→ **What the task asks**:
Give back exactly the lines of the entries below from the line with "#42090 = CARTESIAN_POINT" to the line with "#42769 = DIRECTION", inclusive, and only those.

--- Records shown Enclosed Below ---

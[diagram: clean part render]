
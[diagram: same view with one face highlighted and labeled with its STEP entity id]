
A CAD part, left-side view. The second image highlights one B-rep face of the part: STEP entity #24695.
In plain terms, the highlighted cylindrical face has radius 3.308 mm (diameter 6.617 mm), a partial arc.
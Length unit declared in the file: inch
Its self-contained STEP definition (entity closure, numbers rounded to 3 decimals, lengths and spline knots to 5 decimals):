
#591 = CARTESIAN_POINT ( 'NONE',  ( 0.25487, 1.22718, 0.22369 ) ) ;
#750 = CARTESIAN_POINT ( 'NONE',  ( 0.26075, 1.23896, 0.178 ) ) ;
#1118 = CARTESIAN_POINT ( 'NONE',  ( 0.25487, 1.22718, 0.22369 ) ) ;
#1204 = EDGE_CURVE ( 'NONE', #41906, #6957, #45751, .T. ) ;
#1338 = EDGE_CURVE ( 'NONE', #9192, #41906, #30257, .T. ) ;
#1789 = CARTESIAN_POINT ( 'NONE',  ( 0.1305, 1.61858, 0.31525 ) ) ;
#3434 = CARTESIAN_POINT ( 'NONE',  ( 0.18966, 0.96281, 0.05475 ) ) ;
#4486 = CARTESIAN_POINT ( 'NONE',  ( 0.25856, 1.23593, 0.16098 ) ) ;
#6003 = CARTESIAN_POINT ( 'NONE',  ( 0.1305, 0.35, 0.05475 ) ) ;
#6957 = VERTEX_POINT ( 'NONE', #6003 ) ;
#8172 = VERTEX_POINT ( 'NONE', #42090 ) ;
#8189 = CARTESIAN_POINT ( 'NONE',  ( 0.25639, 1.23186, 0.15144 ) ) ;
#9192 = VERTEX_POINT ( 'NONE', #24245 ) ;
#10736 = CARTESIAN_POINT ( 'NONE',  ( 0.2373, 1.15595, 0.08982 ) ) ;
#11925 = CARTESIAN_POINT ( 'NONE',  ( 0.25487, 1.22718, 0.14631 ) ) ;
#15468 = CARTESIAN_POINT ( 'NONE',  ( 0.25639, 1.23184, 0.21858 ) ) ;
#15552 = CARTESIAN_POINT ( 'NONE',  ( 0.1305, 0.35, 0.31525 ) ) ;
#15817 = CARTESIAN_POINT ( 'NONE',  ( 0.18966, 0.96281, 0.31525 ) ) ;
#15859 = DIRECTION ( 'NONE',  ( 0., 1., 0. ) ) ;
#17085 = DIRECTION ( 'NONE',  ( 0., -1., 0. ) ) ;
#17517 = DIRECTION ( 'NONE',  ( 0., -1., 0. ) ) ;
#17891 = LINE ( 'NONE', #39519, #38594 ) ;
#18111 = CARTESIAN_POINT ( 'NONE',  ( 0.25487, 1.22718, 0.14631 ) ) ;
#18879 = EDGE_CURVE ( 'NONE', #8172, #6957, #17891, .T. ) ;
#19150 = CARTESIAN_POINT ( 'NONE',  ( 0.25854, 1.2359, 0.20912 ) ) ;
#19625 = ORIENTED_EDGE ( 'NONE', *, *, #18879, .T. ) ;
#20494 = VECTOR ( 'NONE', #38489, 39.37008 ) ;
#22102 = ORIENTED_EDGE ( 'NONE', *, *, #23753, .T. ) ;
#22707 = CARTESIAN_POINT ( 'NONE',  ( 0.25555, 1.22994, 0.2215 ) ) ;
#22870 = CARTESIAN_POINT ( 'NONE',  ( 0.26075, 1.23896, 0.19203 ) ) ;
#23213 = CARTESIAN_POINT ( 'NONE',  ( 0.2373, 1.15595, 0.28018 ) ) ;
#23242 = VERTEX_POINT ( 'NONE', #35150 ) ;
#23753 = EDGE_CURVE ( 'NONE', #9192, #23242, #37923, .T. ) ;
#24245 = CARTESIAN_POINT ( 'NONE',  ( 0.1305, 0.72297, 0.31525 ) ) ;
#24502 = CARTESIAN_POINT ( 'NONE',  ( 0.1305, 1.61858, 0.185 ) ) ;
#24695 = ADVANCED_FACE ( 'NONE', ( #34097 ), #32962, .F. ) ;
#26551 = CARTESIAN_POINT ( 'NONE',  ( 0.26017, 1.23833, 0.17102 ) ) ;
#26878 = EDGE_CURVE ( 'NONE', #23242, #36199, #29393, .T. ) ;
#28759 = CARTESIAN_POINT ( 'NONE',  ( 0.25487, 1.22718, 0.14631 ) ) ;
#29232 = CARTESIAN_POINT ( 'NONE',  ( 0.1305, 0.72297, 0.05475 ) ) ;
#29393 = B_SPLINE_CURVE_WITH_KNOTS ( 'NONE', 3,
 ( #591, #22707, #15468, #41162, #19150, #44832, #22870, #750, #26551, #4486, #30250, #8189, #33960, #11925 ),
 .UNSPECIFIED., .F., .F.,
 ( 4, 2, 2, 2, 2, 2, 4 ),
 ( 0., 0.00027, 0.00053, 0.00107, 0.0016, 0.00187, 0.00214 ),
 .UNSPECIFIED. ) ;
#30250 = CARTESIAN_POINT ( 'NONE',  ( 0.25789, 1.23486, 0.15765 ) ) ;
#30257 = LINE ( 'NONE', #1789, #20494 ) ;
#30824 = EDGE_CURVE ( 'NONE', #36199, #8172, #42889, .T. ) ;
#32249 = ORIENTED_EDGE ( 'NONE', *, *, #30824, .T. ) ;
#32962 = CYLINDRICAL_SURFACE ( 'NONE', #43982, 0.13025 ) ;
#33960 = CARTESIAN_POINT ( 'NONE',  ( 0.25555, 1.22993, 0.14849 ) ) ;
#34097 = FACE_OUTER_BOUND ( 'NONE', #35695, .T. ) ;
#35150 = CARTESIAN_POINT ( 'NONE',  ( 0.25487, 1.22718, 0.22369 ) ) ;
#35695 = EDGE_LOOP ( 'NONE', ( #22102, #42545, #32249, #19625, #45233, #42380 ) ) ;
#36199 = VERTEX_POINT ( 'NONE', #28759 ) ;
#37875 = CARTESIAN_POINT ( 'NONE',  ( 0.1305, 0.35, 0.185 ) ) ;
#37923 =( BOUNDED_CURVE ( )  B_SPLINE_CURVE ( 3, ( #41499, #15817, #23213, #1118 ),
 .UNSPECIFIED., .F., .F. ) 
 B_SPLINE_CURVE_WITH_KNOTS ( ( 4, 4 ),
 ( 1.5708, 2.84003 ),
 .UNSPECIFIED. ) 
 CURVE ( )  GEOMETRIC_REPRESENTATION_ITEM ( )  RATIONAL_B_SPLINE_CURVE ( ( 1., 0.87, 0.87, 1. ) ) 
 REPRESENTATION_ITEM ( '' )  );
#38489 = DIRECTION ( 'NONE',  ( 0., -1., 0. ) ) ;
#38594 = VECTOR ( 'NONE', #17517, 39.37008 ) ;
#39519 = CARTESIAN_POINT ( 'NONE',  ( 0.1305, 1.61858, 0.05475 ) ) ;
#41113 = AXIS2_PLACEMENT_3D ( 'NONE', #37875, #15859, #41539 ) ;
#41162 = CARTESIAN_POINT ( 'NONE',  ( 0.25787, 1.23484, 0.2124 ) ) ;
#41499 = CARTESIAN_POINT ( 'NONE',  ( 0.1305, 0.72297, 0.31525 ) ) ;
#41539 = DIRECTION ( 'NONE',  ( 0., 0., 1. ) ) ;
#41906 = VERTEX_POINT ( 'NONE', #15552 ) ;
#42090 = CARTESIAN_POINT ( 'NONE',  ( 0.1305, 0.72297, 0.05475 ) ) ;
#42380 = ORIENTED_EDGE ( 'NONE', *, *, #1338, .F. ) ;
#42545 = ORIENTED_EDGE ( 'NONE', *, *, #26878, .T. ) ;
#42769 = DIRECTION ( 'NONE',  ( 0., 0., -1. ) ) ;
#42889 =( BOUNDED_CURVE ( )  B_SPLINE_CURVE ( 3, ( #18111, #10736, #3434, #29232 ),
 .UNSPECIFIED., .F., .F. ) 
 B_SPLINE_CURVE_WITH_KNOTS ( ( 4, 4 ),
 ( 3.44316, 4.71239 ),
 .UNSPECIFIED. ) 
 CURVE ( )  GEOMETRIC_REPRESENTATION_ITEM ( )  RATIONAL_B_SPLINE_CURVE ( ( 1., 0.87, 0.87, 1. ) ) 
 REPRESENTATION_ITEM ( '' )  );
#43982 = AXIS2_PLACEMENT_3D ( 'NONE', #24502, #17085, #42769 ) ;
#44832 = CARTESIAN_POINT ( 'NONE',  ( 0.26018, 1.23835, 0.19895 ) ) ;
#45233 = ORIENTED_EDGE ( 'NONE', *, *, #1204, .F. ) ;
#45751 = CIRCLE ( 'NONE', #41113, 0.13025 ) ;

--- End of Enclosed Records shown ---

→ **Solution to this problem**:
#42090 = CARTESIAN_POINT ( 'NONE',  ( 0.1305, 0.72297, 0.05475 ) ) ;
#42380 = ORIENTED_EDGE ( 'NONE', *, *, #1338, .F. ) ;
#42545 = ORIENTED_EDGE ( 'NONE', *, *, #26878, .T. ) ;
#42769 = DIRECTION ( 'NONE',  ( 0., 0., -1. ) ) ;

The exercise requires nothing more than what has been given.